◆ **What the exercise asks**
Please print each entry below exactly as it stands, but without any pictures.

═══ Data for this task ═══

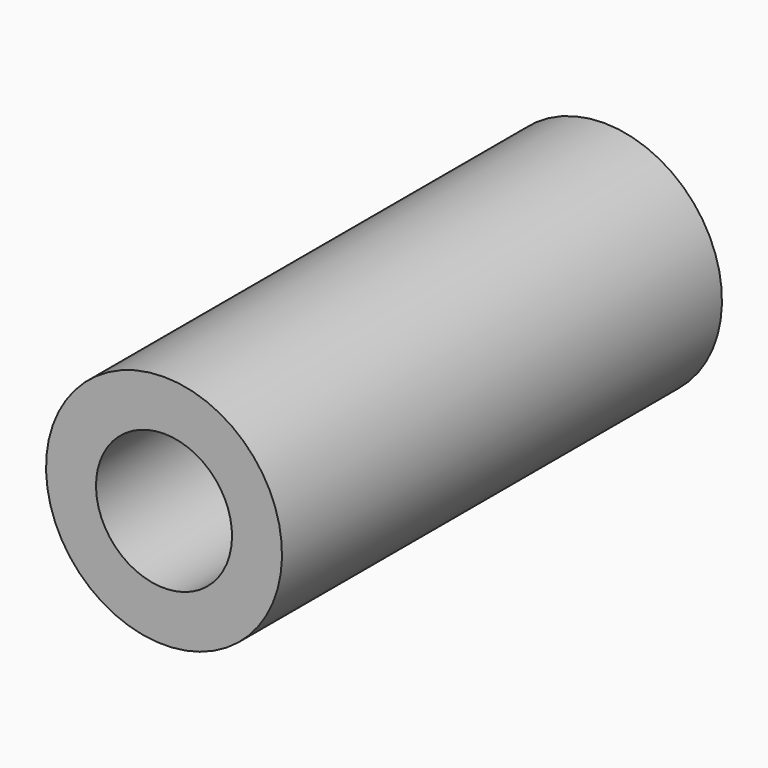
from build123d import *

# Parameters (mm, degrees)
F2_SIZE = 0.09999


# Not quite as in the source:
# - a fillet or chamfer is up to 0.001 mm smaller than in the source, because OpenCascade refuses the exact size


with BuildPart() as f1:
    # F0 (on Right) → F1 (revolve)
    with BuildSketch(Plane.YZ):
        Polygon((6.425, 3.3), (6.925, 2.8), (6.925, 3.3), align=None)
        with BuildLine():
            ThreePointArc((7.5617104388, 2.8), (8.3591026496, 4.0638625595), (9.425, 5.1112620751))
            Line((9.425, 5.1112620751), (9.425, 5.9))
            Line((9.425, 5.9), (-18.075, 5.9))
            Line((-18.075, 5.9), (-18.075, 3.4))
            Line((-18.075, 3.4), (-7.075, 3.4))
            Line((-7.075, 3.4), (-7.075, 3.3))
            Line((-7.075, 3.3), (-6.425, 3.3))
            Line((-6.425, 3.3), (6.425, 3.3))
            Line((6.425, 3.3), (6.925, 3.3))
            Line((6.925, 3.3), (6.925, 2.8))
            Line((6.925, 2.8), (7.5617104388, 2.8))
        make_face()
    revolve(axis=Axis((0, 1.2040399015, 0), (0, 1, 0)))

    # F2 (size 0.1 in the source; OpenCascade refuses exactly that, so slightly less here)
    f2_edges = [f1.edges().sort_by_distance(p)[0] for p in [
        (0, -7.075, -3.4),
    ]]
    chamfer(f2_edges, length=F2_SIZE)


solid = f1.part

═══

◆ **Written solution**
from build123d import *

# Parameters (mm, degrees)
F2_SIZE = 0.09999


# Not quite as in the source:
# - a fillet or chamfer is up to 0.001 mm smaller than in the source, because OpenCascade refuses the exact size


with BuildPart() as f1:
    # F0 (on Right) → F1 (revolve)
    with BuildSketch(Plane.YZ):
        Polygon((6.425, 3.3), (6.925, 2.8), (6.925, 3.3), align=None)
        with BuildLine():
            ThreePointArc((7.5617104388, 2.8), (8.3591026496, 4.0638625595), (9.425, 5.1112620751))
            Line((9.425, 5.1112620751), (9.425, 5.9))
            Line((9.425, 5.9), (-18.075, 5.9))
            Line((-18.075, 5.9), (-18.075, 3.4))
            Line((-18.075, 3.4), (-7.075, 3.4))
            Line((-7.075, 3.4), (-7.075, 3.3))
            Line((-7.075, 3.3), (-6.425, 3.3))
            Line((-6.425, 3.3), (6.425, 3.3))
            Line((6.425, 3.3), (6.925, 3.3))
            Line((6.925, 3.3), (6.925, 2.8))
            Line((6.925, 2.8), (7.5617104388, 2.8))
        make_face()
    revolve(axis=Axis((0, 1.2040399015, 0), (0, 1, 0)))

    # F2 (size 0.1 in the source; OpenCascade refuses exactly that, so slightly less here)
    f2_edges = [f1.edges().sort_by_distance(p)[0] for p in [
        (0, -7.075, -3.4),
    ]]
    chamfer(f2_edges, length=F2_SIZE)


solid = f1.part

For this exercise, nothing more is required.